As you can see, it first determines what we have to play with, and then calls a function to consume it. The second parameter to ConsumeMemory allows you to specify the speed which it consumes memory. If you set this to 1 then the usage will be slow; however, if you set it higher than you want for the remaining memory then it may use too much. Also, it doesn’t seem to improve speed much after that anyway.

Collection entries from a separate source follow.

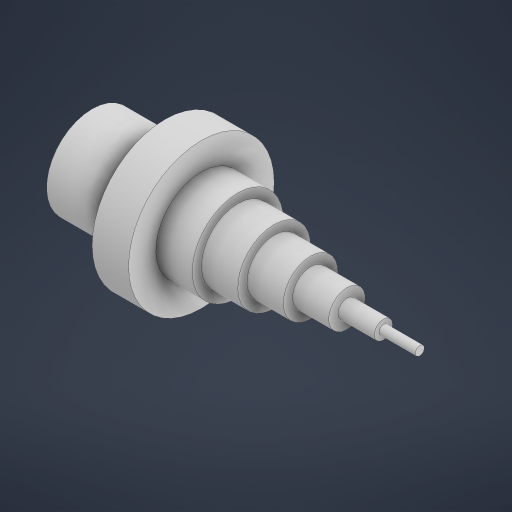
# Autodesk Inventor part: Część6
Saved by Autodesk Inventor 2023 (Build 270158000, 158)
## iProperties
Created: 2023-05-07
Part Number: Część6
Material: Ogólny
Document SubType Name: Modeling
Designer: Adam
Density: 1 g/cm^3
Appearance: Domyślna
Author: Adam
Autodesk Inventor part; units mm, degrees
ref_plane "YZ Plane" through (0, 0, 0) normal (1, 0, 0) x (0, 1, 0)
ref_plane "XZ Plane" through (0, 0, 0) normal (0, 1, 0) x (-1, 0, 0)
ref_plane "XY Plane" through (0, 0, 0) normal (0, 0, 1) x (1, 0, 0)
sketch "Szkic1" plane through (0, 0, 0) normal (0, 0, 1) x (1, 0, 0)
  line L0 (-16.6603, 0) -> (23.3397, 0)
  line L1 (23.3397, 0) -> (23.3397, 25)
  line L2 (23.3397, 25) -> (-16.6603, 25)
  line L3 (-16.6603, 25) -> (-16.6603, 0)
  line L4 (23.3397, 0) -> (43.3397, 0)
  line L5 (43.3397, 0) -> (43.3397, 40)
  line L6 (43.3397, 40) -> (23.3397, 40)
  line L7 (23.3397, 40) -> (23.3397, 0)
  line L8 (43.3397, 0) -> (63.3397, 0)
  line L9 (63.3397, 0) -> (63.3397, 25)
  line L10 (63.3397, 25) -> (43.3397, 25)
  line L11 (43.3397, 25) -> (43.3397, 0)
  line L12 (63.3397, 0) -> (83.3397, 0)
  line L13 (83.3397, 0) -> (83.3397, 20)
  line L14 (83.3397, 20) -> (63.3397, 20)
  line L15 (63.3397, 20) -> (63.3397, 0)
  line L16 (83.3397, 0) -> (103.3397, 0)
  line L17 (103.3397, 0) -> (103.3397, 15)
  line L18 (103.3397, 15) -> (83.3397, 15)
  line L19 (83.3397, 15) -> (83.3397, 0)
  line L20 (103.3397, 0) -> (123.3397, 0)
  line L21 (123.3397, 0) -> (123.3397, 10)
  line L22 (123.3397, 10) -> (103.3397, 10)
  line L23 (103.3397, 10) -> (103.3397, 0)
  line L24 (123.3397, 0) -> (143.3397, 0)
  line L25 (143.3397, 0) -> (143.3397, 5)
  line L26 (143.3397, 5) -> (123.3397, 5)
  line L27 (123.3397, 5) -> (123.3397, 0)
  line L28 (143.3397, 0) -> (163.3397, 0)
  line L29 (163.3397, 0) -> (163.3397, 2.5)
  line L30 (163.3397, 2.5) -> (143.3397, 2.5)
  line L31 (143.3397, 2.5) -> (143.3397, 0)
  point P0 (0, 0)
  dimension "d0" = 40
  dimension "d1" = 25
  dimension "d2" = 20
  dimension "d3" = 40
  dimension "d4" = 20
  dimension "d5" = 25
  dimension "d6" = 20
  dimension "d7" = 20
  dimension "d8" = 20
  dimension "d9" = 15
  dimension "d10" = 20
  dimension "d11" = 10
  dimension "d12" = 20
  dimension "d13" = 5
  dimension "d14" = 20
  dimension "d15" = 2.5
  constraints: 64 end point, 16 parallel, 8 horizontal, 8 perpendicular
  measures "d0" distance of L2.end L1.end
  measures "d1" distance of L1.end L0.end
  measures "d2" distance of L6.end L5.end
  measures "d3" distance of L5.end L4.end
  measures "d4" distance of L10.end L9.end
  measures "d5" distance of L9.end L8.end
  measures "d6" distance of L14.end L13.end
  measures "d7" distance of L13.end L12.end
  measures "d8" distance of L18.end L17.end
  measures "d9" distance of L17.end L16.end
  measures "d10" distance of L22.end L21.end
  measures "d11" distance of L21.end L20.end
  measures "d12" distance of L26.end L25.end
  measures "d13" distance of L25.end L24.end
  measures "d14" distance of L30.end L29.end
  measures "d15" distance of L29.end L28.end
revolve "Obrót1" add sketch "Szkic1" angle 360 about axis through (-16.6603, 0, 0) along (1, 0, 0)
sketch "Szkic2" plane through (-16.6603, 0, 0) normal (-1, 0, 0) x (0, 0, 1)
  point P0 (0, 0)
hole "Otwór1" at (-16.6603, 0, 0) direction (1, 0, 0) diameter 40 depth 40

The ConsumeMemory() function looks like this:

        static void ConsumeMemory(long memoryToConsumeMB, int consumePerItt)
        {            
            long bitsPerMB = 1024 * 1024 * 8;
            // Single char 2 bytes (16 bits)
            long numCharsPerMB = (bitsPerMB / 16);
            long numChars = numCharsPerMB * memoryToConsumeMB;
            long counter = 1, chunk = 0;

            if (memoryToConsumeMB > GetRemainingMemory())
            {
                Console.WriteLine("Cannot consume {0} because there is only {1} left", 
                    memoryToConsumeMB, GetRemainingMemory());
            }

            counter = memoryToConsumeMB / consumePerItt;
            chunk = numCharsPerMB * consumePerItt;

            Console.WriteLine("Consuming {0} memory", memoryToConsumeMB);

            for (int i = 1; i <= counter; i++)
            {
                Console.WriteLine("Consuming {0} MB", chunk / numCharsPerMB);

                _str.Add(new string('_', (int)chunk));

                Console.WriteLine("Memory remaining: {0}", GetRemainingMemory());
            }
        }

So, we basically work out how much memory we’re using each iteration and just add to a list of strings each time. Here’s what it looks like when you run it as above:

Chaos1

The FreeMemory() function just releases the list and calls the GC:

        private static void FreeMemory()
        {
            _str = null;
            GC.Collect();
            ShowMemory();
        }

As you can see, it ramps up pretty quick. In this case I’m leaving 2GB.

Super Chaos Monkey Mode

Let’s try putting this in a loop and take out the prompts:

        static void Main(string[] args)
        {
            long remainingMemory = int.Parse(args[0]);

            while (true)
            {
                // Determine how much memory there is
                long memoryLeft = GetRemainingMemory();
                Console.WriteLine("Consuming memory until {0} is left", remainingMemory);

                // Calculate how much memory to use
                long removeMemory = memoryLeft - remainingMemory;

                // Call the function to consume the memory
                Console.WriteLine("Consuming {0} memory", removeMemory);
                ConsumeMemory(removeMemory, 1000);

                // Free the memory
                Console.WriteLine("Press any key to free memory");
                //Console.ReadLine();
                FreeMemory();
            }

            //Console.ReadLine();
        }

        private static void FreeMemory()
        {
            _str = new List<string>();
            GC.Collect();
            ShowMemory();
        }

Chaos2

A note on the GC

Okay – there are very few cases where the GC.Collect() should be called. But I believe this to be one of them. The reason being that, not calling it explicitly ends in the following:

Chaos3

Basically, by the time the garbage collection kicks in, you’re already allocating more memory, which affects the ebb and flow.

Super speed chaos

If you want very rapid consumption of memory, just alter the consume memory function as follows:

            //for (int i = 1; i <= counter; i++)
            Parallel.For(1, counter + 1, (i) =>
              {
                  Console.WriteLine("Consuming {0} MB", chunk / numCharsPerMB);

                  _str.Add(new string('_', (int)chunk));

                  Console.WriteLine("Memory remaining: {0}", GetRemainingMemory());
              });

Chaos4

Be very careful with this one, though. A slight bug in your code and you’ll need to do a hard reboot of your machine.